● **Required action**
Which lines of the data below include the string "Source"? Return each of them.
----- Data section -----
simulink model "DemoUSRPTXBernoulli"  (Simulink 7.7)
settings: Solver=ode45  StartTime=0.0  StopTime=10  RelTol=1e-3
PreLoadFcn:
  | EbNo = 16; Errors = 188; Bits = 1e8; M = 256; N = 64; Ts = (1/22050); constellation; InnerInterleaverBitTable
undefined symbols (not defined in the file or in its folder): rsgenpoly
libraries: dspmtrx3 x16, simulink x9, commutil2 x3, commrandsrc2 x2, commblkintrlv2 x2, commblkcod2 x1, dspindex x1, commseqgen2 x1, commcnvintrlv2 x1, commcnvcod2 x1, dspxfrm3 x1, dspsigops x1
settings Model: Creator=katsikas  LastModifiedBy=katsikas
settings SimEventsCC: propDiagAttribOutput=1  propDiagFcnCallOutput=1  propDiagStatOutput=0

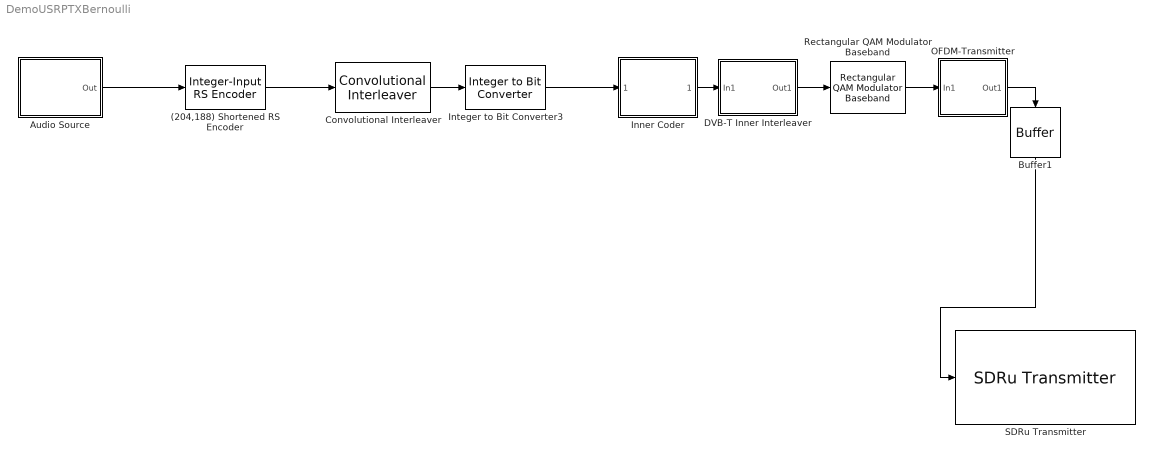
== system DemoUSRPTXBernoulli ==
  (204,188) Shortened RS Encoder : commblkcod2/Integer-Input RS Encoder  n=204  k=188  specPrimPoly=off  prPoly=[1 0 1 1]  specGenPoly=off  genPoly=rsgenpoly(7,3)  specPuncture=off  punctVec=[ones(2,1); zeros(2,1)]
  Audio Source : Subsystem
  Buffer1 : Buffer  N=2048  TreatMby1Signals=One channel
  Convolutional Interleaver : commcnvintrlv2/Convolutional Interleaver  SystemSampleTime=-1  N=12  B=17  ic=0
  DVB-T Inner Interleaver : Subsystem  mask(DVB-T Inner Interleaver){}
      mask init:
      | fullILVec = [(1:126) ...
      |  (rem([0:125]+63,126) +1 + 126     ) ...
      |  (rem([0:125]+105,126)+1 + (2*126) ) ...
      |  (rem([0:125]+42,126) +1 + (3*126) ) ...
      |  (rem([0:125]+21,126) +1 + (4*126) ) ...
      |  (rem([0:125]+84,126) +1 + (5*126) )];
      mask Display: disp('DVB-T\nInner\nInterleaver')
  Inner Coder : Subsystem
      mask Display: disp('Rate 3/4\nPunctured\nConvolutional\nCode');
  Integer to Bit Converter3 : commutil2/Integer to Bit Converter  nbits=log2(M)  signedInputValues=Unsigned  bitOrder=MSB first  outDtype=boolean
  OFDM-Transmitter : Subsystem
  Rectangular QAM Modulator Baseband : commdigbbndam3/Rectangular QAM Modulator Baseband  M=N  InType=Bit  Enc=User-defined  Mapping=map_constellation  PowType=Average Power  MinDist=2  AvgPow=1  PeakPow=1  Ph=0  outDtype=double  outWordLen=16  outUDDataType=sfix(16)  outFracLenMode=Best precision  outFracLen=15
  SDRu Transmitter : commsdrhw_v2/SDRu Transmitter  SystemSampleTime=-1  rxtx=tx  USRP2_IP='192.168.10.2'  centerFrequency=482e6  centerFrequencySrc=Dialog  loOffset=0  loOffsetSrc=Dialog  gain=20  gainSrc=Dialog  decimInterp=512  decimInterpSrc=Dialog  USRP2_IP_NUM=[49 57 50 46 49 54 56 46 49 48 46 50]  frameLength=362  outputDatatype=int16  overrunUnderrunPort=off  sampleTime=1  dboardInfo=|  HOST_DATA_PORT=30000  HOST_CONTROL_PORT=30001  USRP2_DATA_PORT=32769  USRP2_CONTROL_PORT=32768
      | dbid: 0
      |           dbName: 'no db found'
      |          freqMin: 0
      |          freqMax: 0
      |          gainMin: 0
      |          gainMax: 0
      |     gainStepSize: 0
  wires:
  Rectangular QAM Modulator Baseband/1 -> OFDM-Transmitter/1(In1)
  Convolutional Interleaver/1 -> Integer to Bit Converter3/1
  (204,188) Shortened RS Encoder/1 -> Convolutional Interleaver/1
  Integer to Bit Converter3/1 -> Inner Coder/1(Uncoded symbols)
  Inner Coder/1(Coded bits) -> DVB-T Inner Interleaver/1(In1)
  DVB-T Inner Interleaver/1(Out1) -> Rectangular QAM Modulator Baseband/1
  Audio Source/1(Out) -> (204,188) Shortened RS Encoder/1
  OFDM-Transmitter/1(Out1) -> Buffer1/1
  Buffer1/1 -> SDRu Transmitter/1

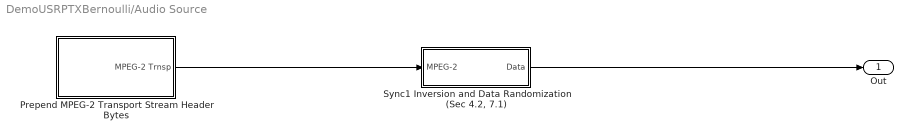
== system DemoUSRPTXBernoulli/Audio Source ==
  Prepend MPEG-2 Transport Stream Header Bytes : Subsystem
      mask Display: disp(sprintf('Prepend MPEG-2\nTransportStream\nHeader Bytes'))
  "Sync1 Inversion and Data Randomization (Sec 4.2, 7.1)" : Subsystem
  Out : Outport
  wires:
  Prepend MPEG-2 Transport Stream Header Bytes/1(MPEG-2 Trnsp) -> "Sync1 Inversion and Data Randomization (Sec 4.2, 7.1)"/1(MPEG-2)
  "Sync1 Inversion and Data Randomization (Sec 4.2, 7.1)"/1(Data) -> Out/1

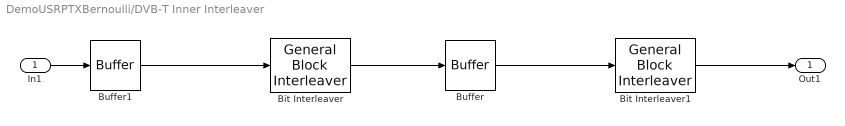
== system DemoUSRPTXBernoulli/DVB-T Inner Interleaver ==
  In1 : Inport
  Bit Interleaver : commblkintrlv2/General Block Interleaver  elements=BitInterleaverTable
  Bit Interleaver1 : commblkintrlv2/General Block Interleaver  elements=SymbolInterleaverTable
  Buffer : Buffer  N=9072  TreatMby1Signals=One channel
  Buffer1 : Buffer  N=756  TreatMby1Signals=One channel
  Out1 : Outport
  wires:
  In1/1 -> Buffer1/1
  Buffer/1 -> Bit Interleaver1/1
  Buffer1/1 -> Bit Interleaver/1
  Bit Interleaver/1 -> Buffer/1
  Bit Interleaver1/1 -> Out1/1

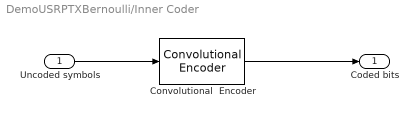
== system DemoUSRPTXBernoulli/Inner Coder ==
  Uncoded symbols : Inport
  Convolutional  Encoder : commcnvcod2/Convolutional Encoder  trellis=poly2trellis(7, [171 133])  opMode=Continuous  DelayedResetAction=off  hasIniStPort=off  hasFinStPort=off  usePuncVector=on  punctureVector=[1 1 0 1 1 0]'  reset=Unused parameter value
  Coded bits : Outport
  wires:
  Convolutional  Encoder/1 -> Coded bits/1
  Uncoded symbols/1 -> Convolutional  Encoder/1

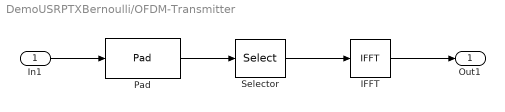
== system DemoUSRPTXBernoulli/OFDM-Transmitter ==
  In1 : Inport
  IFFT : dspxfrm3/IFFT  CompMethod=Table lookup  TableOpt=NEW  TableOptActive=Speed  BitRevOrder=off  cs_in=off  SkipNorm=on  InheritFFTLength=on  FFTLength=64  mode=Complex  outSamplingMode=Frame based  RowConvenienceOn=on  firstCoeffDataTypeStr=Inherit: Same word length as input  firstCoeffLastDataTypeStr=Inherit: Same word length as input  outputMin=[]  outputMax=[]  roundingMode=Floor  overflowMode=off
  Pad : dspsigops/Pad  padAlong=Columns  dimsToPad=1  valSrc=Specify via dialog  padVal=0  spec=Output size  padNumOutRowsSpecMethod=User-specified  numOutRows=2048  padNumOutColsSpecMethod=User-specified  numOutCols=1  isVarDimsMode=off  padBeginning=0  padEnd=0  outSizeMode=User-specified  outSize=1  padSigAt=End  trunc_flag=None  roundingMode=Floor  overflowMode=off  truncOrWrapMode=Truncate  wrap_flag=None
  Selector : Selector  NumberOfDimensions=2  InputPortWidth=3  IndexOptions=Index vector (dialog),Select all  Indices=[1:756 1513:2048 757:1512],1  OutputSizes=1,1
  Out1 : Outport
  wires:
  Pad/1 -> Selector/1
  Selector/1 -> IFFT/1
  IFFT/1 -> Out1/1
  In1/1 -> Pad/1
-----
● **Response to this task**
  Audio Source : Subsystem
  Audio Source/1(Out) -> (204,188) Shortened RS Encoder/1
== system DemoUSRPTXBernoulli/Audio Source ==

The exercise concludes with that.